1. Your Credit Score - One should not undervalue the benefits of having a good credit score, particularly when it comes to EMIs. There is a good probability that you will be approved for a personal loan with lower interest rates if your credit score is high (750 or higher). Other factors such as income, employment history, and debt-to-income ratio also play a role in determining loan approval and terms.
2. Your Monthly Income - Monthly income is important for lenders to assess a borrower's ability to repay the loan, but having a high income alone may not be sufficient to qualify for a loan or secure a low interest rate. Other factors such as credit score and debt-to-income ratio are also considered.
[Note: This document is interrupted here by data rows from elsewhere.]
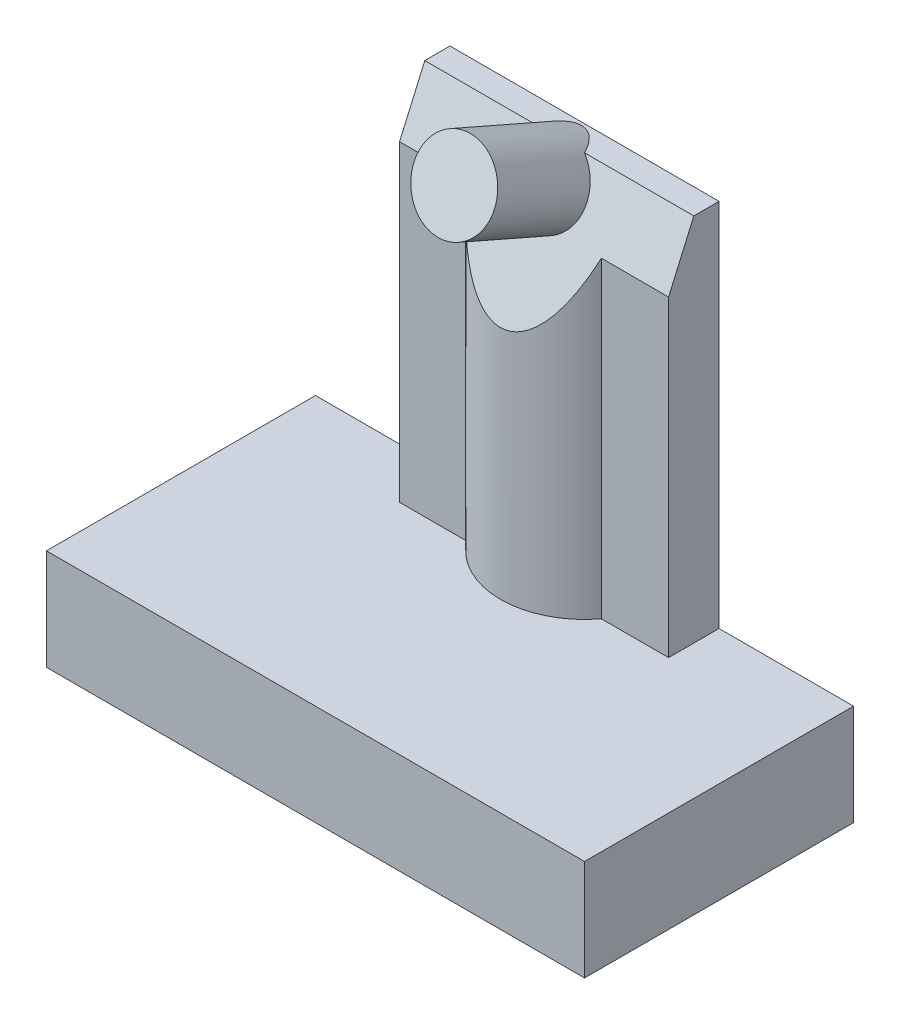
from build123d import *

# Parameters (mm, degrees)
SKETCH1_W                       = 16
SKETCH1_H                       = 8
BOSS_EXTRUDE1_DEPTH             = 3
SHELL1_T                        = -1
BOSS_EXTRUDE2_DEPTH             = 11
CUT_EXTRUDE1_DEPTH              = 13
SKETCH4_R                       = 1.2
BOSS_EXTRUDE3_DEPTH             = 3
BOSS_EXTRUDE3_DIRECTION_2_REACH = 8.299


with BuildPart() as part:
    # Sketch1 → Boss-Extrude1 (new body)
    with BuildSketch(Plane(origin=(0, 0, 0), x_dir=(1, 0, 0), z_dir=(0, 1, 0))):
        Rectangle(SKETCH1_W, SKETCH1_H)
    extrude(amount=BOSS_EXTRUDE1_DEPTH)

    # Shell1
    shell1_openings = [part.faces().sort_by_distance(p)[0] for p in [
        (0, 0, 0),
    ]]
    offset(amount=SHELL1_T, openings=shell1_openings, kind=Kind.INTERSECTION)

    # Sketch2 → Boss-Extrude2 (add)
    with BuildSketch(Plane(origin=(0, 3, 0), x_dir=(1, 0, 0), z_dir=(0, 1, 0))):
        with BuildLine():
            Line((-4, 4), (4, 4))
            Line((4, 4), (4, 2.5))
            Line((4, 2.5), (2, 2.5))
            ThreePointArc((2, 2.5), (0, 1.5), (-2, 2.5))
            Line((-2, 2.5), (-4, 2.5))
            Line((-4, 2.5), (-4, 4))
        make_face()
    extrude(amount=BOSS_EXTRUDE2_DEPTH)

    # Sketch3 → Cut-Extrude1 (cut, through all)
    with BuildSketch(Plane(origin=(4, 0, 0), x_dir=(0, 0, -1), z_dir=(1, 0, 0))):
        Polygon((1.5, 14), (1.5, 10), (3.25, 14), align=None)
    extrude(amount=-CUT_EXTRUDE1_DEPTH, mode=Mode.SUBTRACT)

    # Sketch4 → Boss-Extrude3 (add)
    with BuildSketch(Plane(origin=(0, 1.055737705, 2.413114754), x_dir=(1, 0, 0), z_dir=(0, 0.400818834, 0.916157335))):
        with Locations((0, 13.193478025)):
            Circle(SKETCH4_R)
    extrude(amount=BOSS_EXTRUDE3_DEPTH)

    # Sketch4 → Boss-Extrude3 direction 2 (add, up to next)
    with BuildSketch(Plane(origin=(0, 1.055737705, 2.413114754), x_dir=(1, 0, 0), z_dir=(0, 0.400818834, 0.916157335)), mode=Mode.PRIVATE) as boss_extrude3_direction_2_sk1:
        with Locations((0, 13.193478025)):
            Circle(SKETCH4_R)
    boss_extrude3_direction_2_tool1 = extrude(boss_extrude3_direction_2_sk1.sketch, amount=-BOSS_EXTRUDE3_DIRECTION_2_REACH, mode=Mode.PRIVATE) - part.part
    add(boss_extrude3_direction_2_tool1.solids().sort_by_distance((0, 13.143039, -2.87508))[0])


solid = part.part

3. Loan Size And Repayment Tenure - A larger loan will result in a larger EMI payment. In contrast, the longer the repayment term, the smaller the EMI that must be paid. Although you might be tempted to choose a longer payback period, doing so will undoubtedly result in greater interest payments over time and a higher ultimate repayment amount. It is important to consider that while a shorter repayment term may result in lower interest payments, it also means that the borrower will have to make larger monthly payments, which may be difficult to afford.

## Conclusion

The personal loan EMI calculator from Fullerton India spares you the hassles and risks of performing manual calculations. You can calculate the exact amount of your monthly installments by inputting a few details about your personal loan, such as the principal loan amount, repayment tenure, and the rate of interest. Calculate your personal loan EMIs as soon as possible before applying for a personal loan to plan your finances accordingly.